-- WORK ORDER --
The data below holds a line containing "unnamed: JP5.33, JP5.34, X5.17, X6.17" and a line containing "unnamed: JP6.11, JP6.12, X5.35, X6.35"; please quote exactly those two lines and every line between them, and nothing else.
Start of Block
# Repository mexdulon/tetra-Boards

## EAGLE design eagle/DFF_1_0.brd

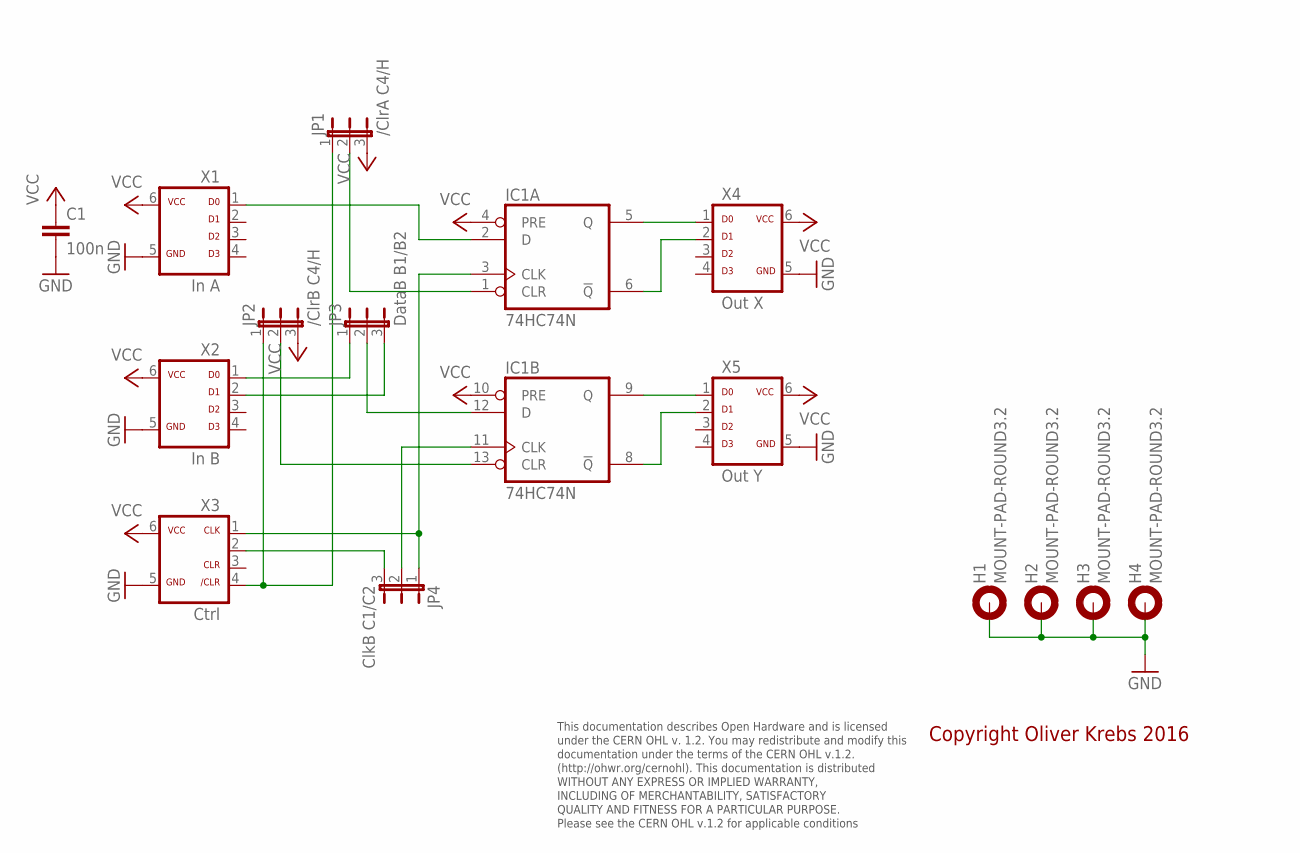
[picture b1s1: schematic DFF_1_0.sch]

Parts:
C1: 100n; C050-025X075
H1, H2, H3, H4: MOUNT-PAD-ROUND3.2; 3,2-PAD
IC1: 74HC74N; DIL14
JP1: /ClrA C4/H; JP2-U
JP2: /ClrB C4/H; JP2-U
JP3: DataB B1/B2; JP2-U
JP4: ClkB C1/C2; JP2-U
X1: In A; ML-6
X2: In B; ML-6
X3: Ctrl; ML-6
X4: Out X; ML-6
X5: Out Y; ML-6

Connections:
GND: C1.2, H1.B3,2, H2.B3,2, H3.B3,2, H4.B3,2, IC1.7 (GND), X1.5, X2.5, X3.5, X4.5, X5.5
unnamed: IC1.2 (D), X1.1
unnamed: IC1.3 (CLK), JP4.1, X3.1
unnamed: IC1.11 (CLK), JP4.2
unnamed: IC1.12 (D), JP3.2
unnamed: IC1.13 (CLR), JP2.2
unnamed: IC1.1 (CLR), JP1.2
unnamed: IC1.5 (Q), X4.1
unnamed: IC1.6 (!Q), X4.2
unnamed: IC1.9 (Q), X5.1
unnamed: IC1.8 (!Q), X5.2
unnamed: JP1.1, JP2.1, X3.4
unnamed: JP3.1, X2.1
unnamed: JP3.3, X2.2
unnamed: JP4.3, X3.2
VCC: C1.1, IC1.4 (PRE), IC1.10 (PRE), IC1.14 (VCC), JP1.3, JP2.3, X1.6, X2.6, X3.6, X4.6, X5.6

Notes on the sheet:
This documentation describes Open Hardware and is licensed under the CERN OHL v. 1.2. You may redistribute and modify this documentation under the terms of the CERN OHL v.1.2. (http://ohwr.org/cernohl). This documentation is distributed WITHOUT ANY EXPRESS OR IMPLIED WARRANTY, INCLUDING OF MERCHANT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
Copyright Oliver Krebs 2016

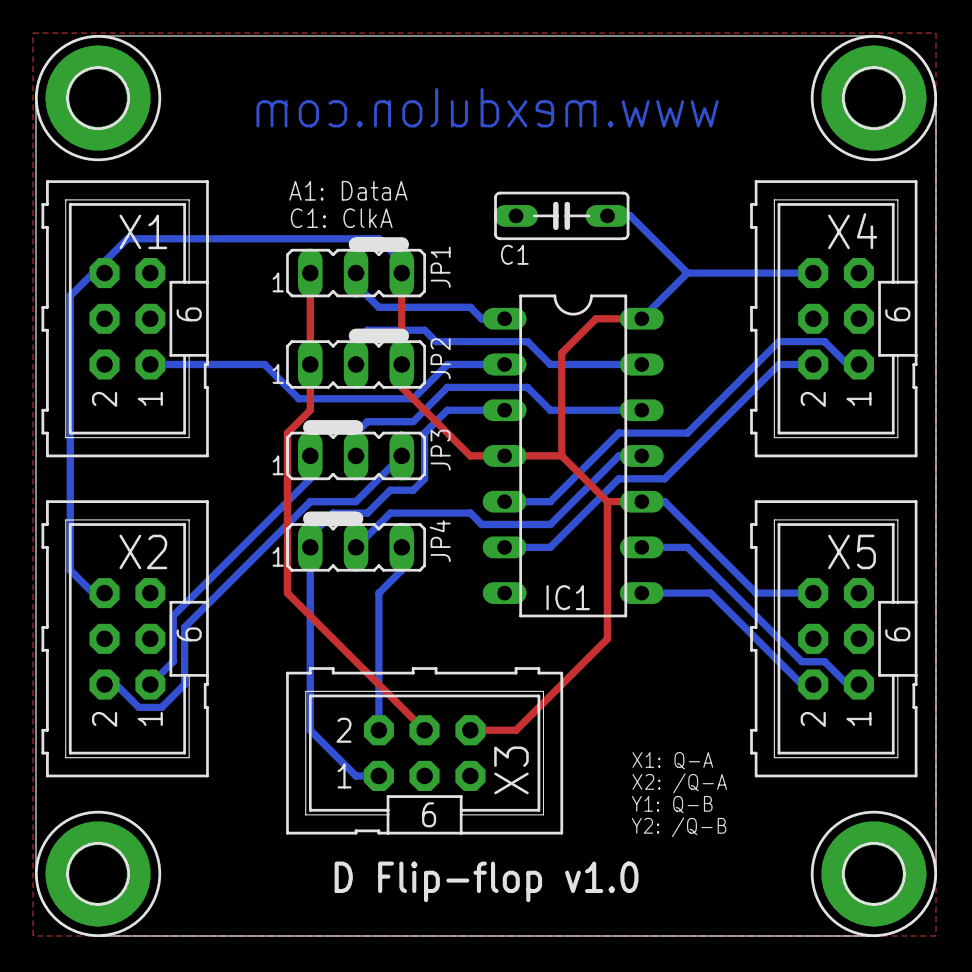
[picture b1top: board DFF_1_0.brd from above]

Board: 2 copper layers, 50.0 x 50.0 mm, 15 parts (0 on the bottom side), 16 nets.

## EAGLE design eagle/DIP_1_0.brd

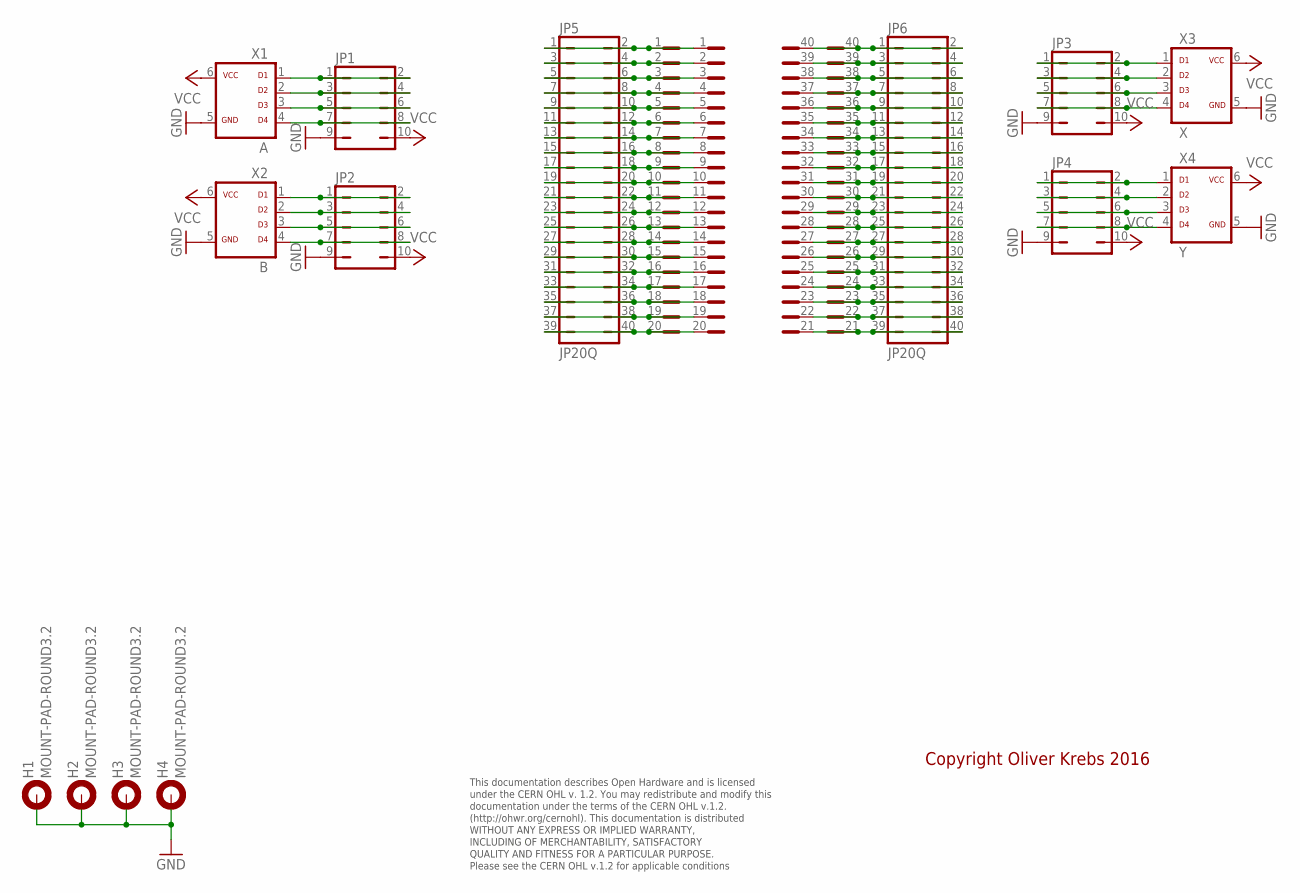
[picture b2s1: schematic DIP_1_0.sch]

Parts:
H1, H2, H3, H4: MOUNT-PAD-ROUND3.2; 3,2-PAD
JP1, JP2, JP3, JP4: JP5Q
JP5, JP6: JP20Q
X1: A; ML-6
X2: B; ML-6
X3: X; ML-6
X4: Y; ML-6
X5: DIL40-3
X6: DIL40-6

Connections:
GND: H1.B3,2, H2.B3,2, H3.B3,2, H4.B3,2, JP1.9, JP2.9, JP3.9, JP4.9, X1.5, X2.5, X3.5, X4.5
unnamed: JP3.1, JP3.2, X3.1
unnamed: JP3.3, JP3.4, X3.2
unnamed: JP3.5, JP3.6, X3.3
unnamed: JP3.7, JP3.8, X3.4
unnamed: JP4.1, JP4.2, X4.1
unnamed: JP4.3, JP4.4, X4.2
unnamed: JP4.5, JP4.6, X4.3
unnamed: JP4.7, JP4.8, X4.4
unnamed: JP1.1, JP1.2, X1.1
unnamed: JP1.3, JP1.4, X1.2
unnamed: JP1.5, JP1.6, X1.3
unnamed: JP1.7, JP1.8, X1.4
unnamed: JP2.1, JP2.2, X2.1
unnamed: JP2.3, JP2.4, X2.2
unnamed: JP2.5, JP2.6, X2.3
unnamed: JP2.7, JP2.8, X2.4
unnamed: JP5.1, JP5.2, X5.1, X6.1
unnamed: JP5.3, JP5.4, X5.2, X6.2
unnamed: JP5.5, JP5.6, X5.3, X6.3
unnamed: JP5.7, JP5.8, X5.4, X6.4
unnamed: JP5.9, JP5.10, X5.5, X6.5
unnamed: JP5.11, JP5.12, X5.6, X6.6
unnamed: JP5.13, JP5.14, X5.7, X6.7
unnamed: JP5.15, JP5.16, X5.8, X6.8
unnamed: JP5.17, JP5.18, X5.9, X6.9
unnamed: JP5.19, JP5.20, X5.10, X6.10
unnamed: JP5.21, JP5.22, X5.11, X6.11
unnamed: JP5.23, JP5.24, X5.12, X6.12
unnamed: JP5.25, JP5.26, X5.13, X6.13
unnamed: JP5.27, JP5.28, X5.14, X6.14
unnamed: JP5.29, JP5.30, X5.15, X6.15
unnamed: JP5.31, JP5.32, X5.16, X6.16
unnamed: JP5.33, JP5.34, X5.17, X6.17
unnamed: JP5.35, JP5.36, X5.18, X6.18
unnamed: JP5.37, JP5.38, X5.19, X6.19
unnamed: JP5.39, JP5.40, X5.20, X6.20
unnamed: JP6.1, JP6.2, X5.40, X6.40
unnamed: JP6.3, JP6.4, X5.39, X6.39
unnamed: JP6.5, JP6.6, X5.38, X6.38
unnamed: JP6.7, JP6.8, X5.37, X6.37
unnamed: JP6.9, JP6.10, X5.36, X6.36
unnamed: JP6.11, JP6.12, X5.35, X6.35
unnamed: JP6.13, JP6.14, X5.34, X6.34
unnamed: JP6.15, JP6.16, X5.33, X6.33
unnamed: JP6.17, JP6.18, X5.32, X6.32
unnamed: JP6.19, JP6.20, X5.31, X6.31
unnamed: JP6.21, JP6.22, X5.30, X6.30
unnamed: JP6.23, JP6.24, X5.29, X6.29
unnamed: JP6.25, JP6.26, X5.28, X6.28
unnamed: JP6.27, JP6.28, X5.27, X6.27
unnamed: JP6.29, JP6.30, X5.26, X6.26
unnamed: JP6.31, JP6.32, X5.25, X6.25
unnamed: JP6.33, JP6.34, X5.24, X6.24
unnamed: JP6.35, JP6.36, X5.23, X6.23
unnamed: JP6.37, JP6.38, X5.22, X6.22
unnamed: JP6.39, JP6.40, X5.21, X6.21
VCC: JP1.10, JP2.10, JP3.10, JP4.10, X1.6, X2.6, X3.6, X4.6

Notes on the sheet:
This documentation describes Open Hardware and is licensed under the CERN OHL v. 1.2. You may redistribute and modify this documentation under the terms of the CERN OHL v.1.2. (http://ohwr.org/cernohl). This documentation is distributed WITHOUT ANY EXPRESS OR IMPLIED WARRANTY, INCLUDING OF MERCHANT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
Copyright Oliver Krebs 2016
End of Block
-- EXERCISE OUTPUT --
unnamed: JP5.33, JP5.34, X5.17, X6.17
unnamed: JP5.35, JP5.36, X5.18, X6.18
unnamed: JP5.37, JP5.38, X5.19, X6.19
unnamed: JP5.39, JP5.40, X5.20, X6.20
unnamed: JP6.1, JP6.2, X5.40, X6.40
unnamed: JP6.3, JP6.4, X5.39, X6.39
unnamed: JP6.5, JP6.6, X5.38, X6.38
unnamed: JP6.7, JP6.8, X5.37, X6.37
unnamed: JP6.9, JP6.10, X5.36, X6.36
unnamed: JP6.11, JP6.12, X5.35, X6.35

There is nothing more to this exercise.